Edited on Thu Oct-16-03 08:41 PM by Darranar
rhetoric means nothing, there we agree.

I think that in all three locations you mentioned, though less so in Palestine, there are two categories of fighters fighting against America and Israel. There are local groups who are completely established locally and do not have much deoendancy on the outside; both Hamas and Islamic Jihad fall into this category, for the most part, as do resistance movements in both Afghanistan and Iraq.

The second cateogry of people are the professional terrorists of such organizations as Al Qaeda. This group is also made up of foreign fighters joining in the Jihad.

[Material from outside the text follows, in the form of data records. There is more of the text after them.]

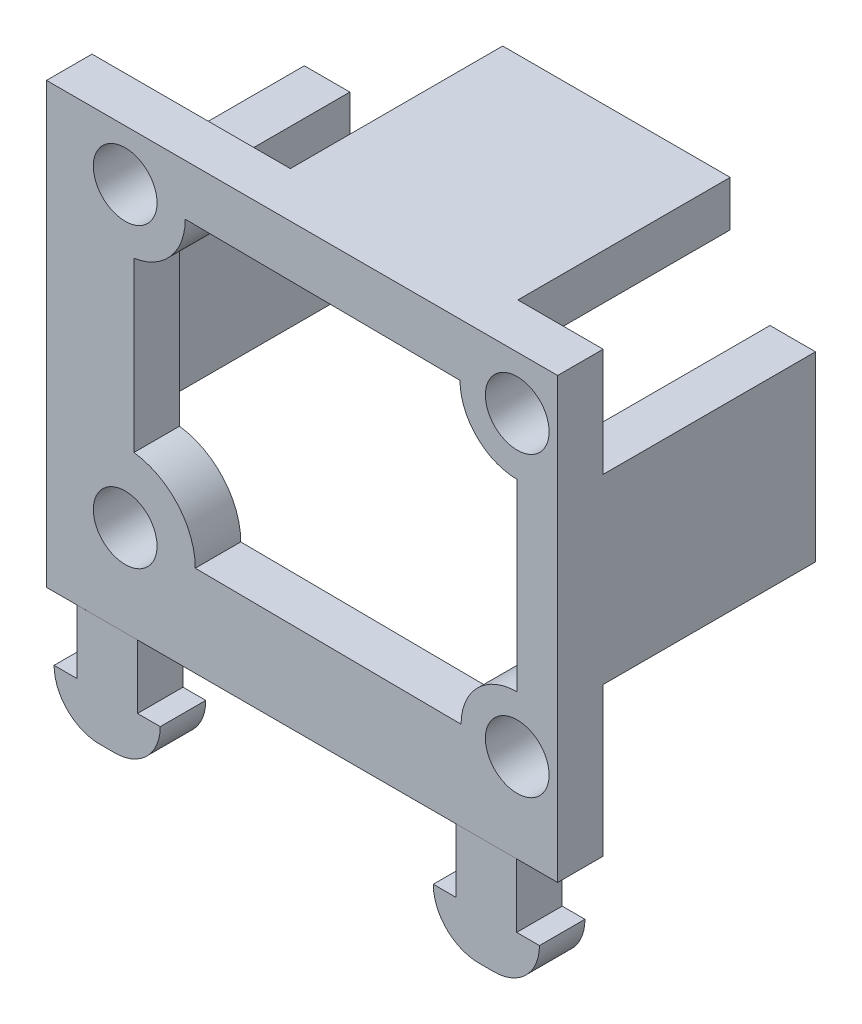
SolidWorks part; units mm, degrees
ref_plane "Спереди" through (0, 0, 0) normal (0, 0, 1) x (1, 0, 0)
ref_plane "Сверху" through (0, 0, 0) normal (0, 1, 0) x (1, 0, 0)
ref_plane "Справа" through (0, 0, 0) normal (1, 0, 0) x (0, 0, -1)
sketch "Эскиз2" plane through (0, 0, 0) normal (0, 0, 1) x (1, 0, 0)
  line L0 (-5.766, 0) -> (-5.766, -2.25)
  line L1 (27.934, 26.7) -> (-5.766, 26.7)
  line L2 (27.934, 26.7) -> (27.934, 0)
  line L3 (52.9702, -2.25) -> (-196.0298, -2.25) construction
  line L4 (-5.766, 26.7) -> (-5.766, 0)
  line L5 (-5.766, -2.25) -> (27.934, -2.25)
  line L6 (27.934, -2.25) -> (27.934, 0)
  line L7 (27.934, 26.7) -> (30.9983, 26.7) construction
  line L8 (-0.5793, 23.3473) -> (-0.6155, 26.7) construction
  line L9 (-0.5793, 23.3473) -> (-5.766, 23.3473) construction
  line L10 (0, 19.4273) -> (0, 8.3348)
  line L11 (25.2685, 19.4273) -> (25.2685, 7.303)
  line L12 (4.042, 3.75) -> (21.567, 3.6015)
  line L13 (-5.766, 26.7) -> (-0.6155, 26.7) construction
  line L14 (21.4944, 23.2014) -> (3.3832, 23.3473)
  circle A0 centre (25.2685, 3.6015) radius 2.1
  circle A1 centre (25.2685, 23.2014) radius 2.1
  circle A2 centre (-0.5793, 23.3473) radius 2.1
  circle A3 centre (-0.5793, 3.75) radius 2.1
  arc A4 (25.2685, 7.303) -> (21.567, 3.6015) centre (25.2685, 3.6015) ccw
  arc A5 (21.4944, 23.2014) -> (25.2685, 19.4273) centre (25.2685, 23.2014) ccw
  arc A6 (0, 19.4273) -> (3.3832, 23.3473) centre (-0.5793, 23.3473) ccw
  arc A7 (4.042, 3.75) -> (0, 8.3348) centre (-0.5793, 3.75) ccw
  point P12 (30.9983, 21.5985)
  point P13 (30.9983, 4.9988)
  point P14 (30.9983, 1.9985)
  point P15 (30.9983, 24.5985)
  point P16 (32.4984, 3.4986)
  point P25 (5.1505, 21.4035)
  point P26 (5.1505, 24.4965)
  dimension "D1" = 26.7
  dimension "D3" = 4.2
  dimension "D4" = 4.2
  dimension "D5" = 4.2
  dimension "D6" = 4.2
  dimension "D2" = 33.7
  dimension "D7" = 3.3529
  dimension "D8" = 5.1866
extrude "Бобышка-Вытянуть1" add sketch "Эскиз2" along normal blind 2 and the other way blind 1
sketch "Эскиз4" plane through (0, 0, 2) normal (0, 0, 1) x (1, 0, 0)
  line L0 (1.6553, 21.9507) -> (24.5148, 4.4565) construction
  line L2 (4.085, 5.0737) -> (22.085, 5.0737)
  line L3 (1.085, 8.0737) -> (1.085, 18.3335)
  line L4 (4.085, 21.3335) -> (22.085, 21.3335)
  line L5 (25.085, 8.0737) -> (25.085, 18.3335)
  line L6 (1.085, 5.0737) -> (25.085, 21.3335) construction
  line L7 (1.085, 21.3335) -> (25.085, 5.0737) construction
  arc A0 (22.085, 5.0737) -> (25.085, 8.0737) centre (22.085, 8.0737) ccw
  arc A1 (4.085, 5.0737) -> (1.085, 8.0737) centre (4.085, 8.0737) cw
  arc A2 (22.085, 21.3335) -> (25.085, 18.3335) centre (22.085, 18.3335) cw
  arc A3 (1.085, 18.3335) -> (4.085, 21.3335) centre (4.085, 18.3335) cw
  point P4 (13.085, 13.2036)
  dimension "D3" = 3
  dimension "D4" = 3
  dimension "D5" = 3
  dimension "D6" = 3
  dimension "D1" = 16.2598
  dimension "D2" = 24
extrude "Вырез-Вытянуть1" [suppressed] cut sketch "Эскиз4" against normal blind 3
sketch "Эскиз10" plane through (0, 0, -1) normal (0, 0, -1) x (-1, 0, 0)
  line L0 (-27.934, 0.75) -> (-22.3105, 0.75) construction
  line L1 (-22.3105, 0.75) -> (-22.3105, 23.7) construction
  line L2 (2.766, 3.3527) -> (-7.3105, 3.3527) construction
  line L3 (-7.3105, 3.3527) -> (-7.3105, 23.7) construction
  line L9 (-27.934, 26.7) -> (5.766, 26.7) construction
  line L10 (-22.3105, 23.7) -> (-7.3105, 23.7)
  line L11 (-22.3105, 23.7) -> (-22.3105, 26.7)
  line L12 (-22.3105, 26.7) -> (-7.3105, 26.7)
  line L13 (-7.3105, 23.7) -> (-7.3105, 26.7)
  line L14 (-27.934, 0.75) -> (-27.934, 7.5529) construction
  line L15 (-27.934, 23.0985) -> (-27.934, 19.5529) construction
  line L17 (-27.934, 7.5529) -> (-24.934, 7.5529)
  line L18 (-27.934, 7.5529) -> (-27.934, 19.5529)
  line L19 (-27.934, 19.5529) -> (-24.934, 19.5529)
  line L20 (-24.934, 7.5529) -> (-24.934, 19.5529)
  line L21 (2.766, 7.5529) -> (2.766, 19.0325) construction
  line L22 (5.766, 26.7) -> (5.766, -2.25) construction
  line L23 (2.766, 7.5529) -> (5.766, 7.5529)
  line L24 (2.766, 7.5529) -> (2.766, 19.0325)
  line L25 (2.766, 19.0325) -> (5.766, 19.0325)
  line L26 (5.766, 7.5529) -> (5.766, 19.0325)
  line L27 (-27.934, -2.25) -> (-27.934, 26.7) construction
  dimension "D1" = 15
  dimension "D2" = 12
  dimension "D3" = 3
  dimension "D4" = 3
  dimension "D6" = 3
extrude "Бобышка-Вытянуть4" add sketch "Эскиз10" along normal blind 14
sketch "Эскиз11" plane through (0, -2.25, 0) normal (0, -1, 0) x (1, 0, 0)
  line L0 (-5.766, 2) -> (-3.766, 2.0001) construction
  line L1 (-1.766, 2.0001) -> (-1.766, -0.9999) construction
  line L2 (27.934, 2) -> (25.234, 2.0002) construction
  line L3 (-3.766, 2.0001) -> (0.234, 2.0001)
  line L4 (-3.766, 2.0001) -> (-3.766, -0.9999)
  line L5 (-3.766, -0.9999) -> (0.234, -0.9999)
  line L6 (0.234, 2.0001) -> (0.234, -0.9999)
  line L7 (23.234, 2.0002) -> (23.234, -0.9998) construction
  line L8 (25.234, 2.0002) -> (21.234, 2.0002)
  line L9 (25.234, 2.0002) -> (25.234, -0.9998)
  line L10 (25.234, -0.9998) -> (21.234, -0.9998)
  line L11 (21.234, 2.0002) -> (21.234, -0.9998)
  line L12 (-1.766, 0.5001) -> (23.234, 0.5002) construction
  dimension "D1" = 25
  dimension "D2" = 4
  dimension "D3" = 4
  dimension "D4" = 3
  dimension "D5" = 3
  dimension "D6" = 2
extrude "Бобышка-Вытянуть5" add sketch "Эскиз11" along normal blind 4.2
sketch "Эскиз12" plane through (0, -6.45, 0) normal (0, -1, 0) x (1, 0, 0)
  line L0 (-3.7661, 2.0001) -> (0.234, -0.9999) construction
  line L1 (21.234, 2.0002) -> (25.234, -0.9998) construction
  line L2 (-5.266, -0.9999) -> (1.734, -0.9999)
  line L3 (-5.266, -0.9999) -> (-5.266, 2.0001)
  line L4 (-5.266, 2.0001) -> (1.734, 2.0001)
  line L5 (1.734, -0.9999) -> (1.734, 2.0001)
  line L6 (-5.266, -0.9999) -> (1.734, 2.0001) construction
  line L7 (-5.266, 2.0001) -> (1.734, -0.9999) construction
  line L8 (-3.766, 2) -> (0.234, -0.9999) construction
  line L9 (19.734, -0.9998) -> (26.734, -0.9998)
  line L10 (19.734, -0.9998) -> (19.734, 2.0002)
  line L11 (19.734, 2.0002) -> (26.734, 2.0002)
  line L12 (26.734, -0.9998) -> (26.734, 2.0002)
  line L13 (19.734, -0.9998) -> (26.734, 2.0002) construction
  line L14 (19.734, 2.0002) -> (26.734, -0.9998) construction
  line L15 (-3.766, -0.9999) -> (0.234, -0.9999) construction
  point P4 (-1.766, 0.5001)
  point P13 (23.234, 0.5002)
  dimension "D1" = 3
  dimension "D2" = 7
  dimension "D3" = 3
  dimension "D4" = 7
extrude "Бобышка-Вытянуть6" add sketch "Эскиз12" along normal blind 3
fillet "Скругление4" radius 3 1 edges at (-5.266, -9.45, 0.5001) type face fillet first side face at (-5.266, -7.95, 0.5001) second side face at (-1.766, -9.45, 0.5001)
fillet "Скругление5" radius 3 1 edges at (1.734, -9.45, 0.5001) type face fillet first side face at (1.734, -7.95, 0.5001) second side face at (-0.266, -9.45, 0.5001)
fillet "Скругление6" radius 3 1 edges at (26.734, -9.45, 0.5002) type face fillet first side face at (23.234, -9.45, 0.5002) second side face at (26.734, -7.95, 0.5002)
fillet "Скругление7" radius 3 1 edges at (19.734, -9.45, 0.5002) type face fillet first side face at (21.734, -9.45, 0.5002) second side face at (19.734, -7.95, 0.5002)

There are, of course, different groups and organizations that fall into each category, and some that fall in somewhat into both. However, it seems to me that it is the professionals who are targeting forces aside from their main enemy. Foreign terrorists were likely behind the bombing of the UN headquarters in Baghdad, and foreing terrorists were likely behind this as well.

Cooperation between both categories vary; I am no expert on the ties of Hamas to Al Qaeda, so I really do not know the extent of Hamas's, or another Palestinian terrorist group's, involvement in this.

I'm aware that this post has failed to really address either point you made. To conclude, therefore, I must say that you could well be right and I have nothing to say to contest your arguments.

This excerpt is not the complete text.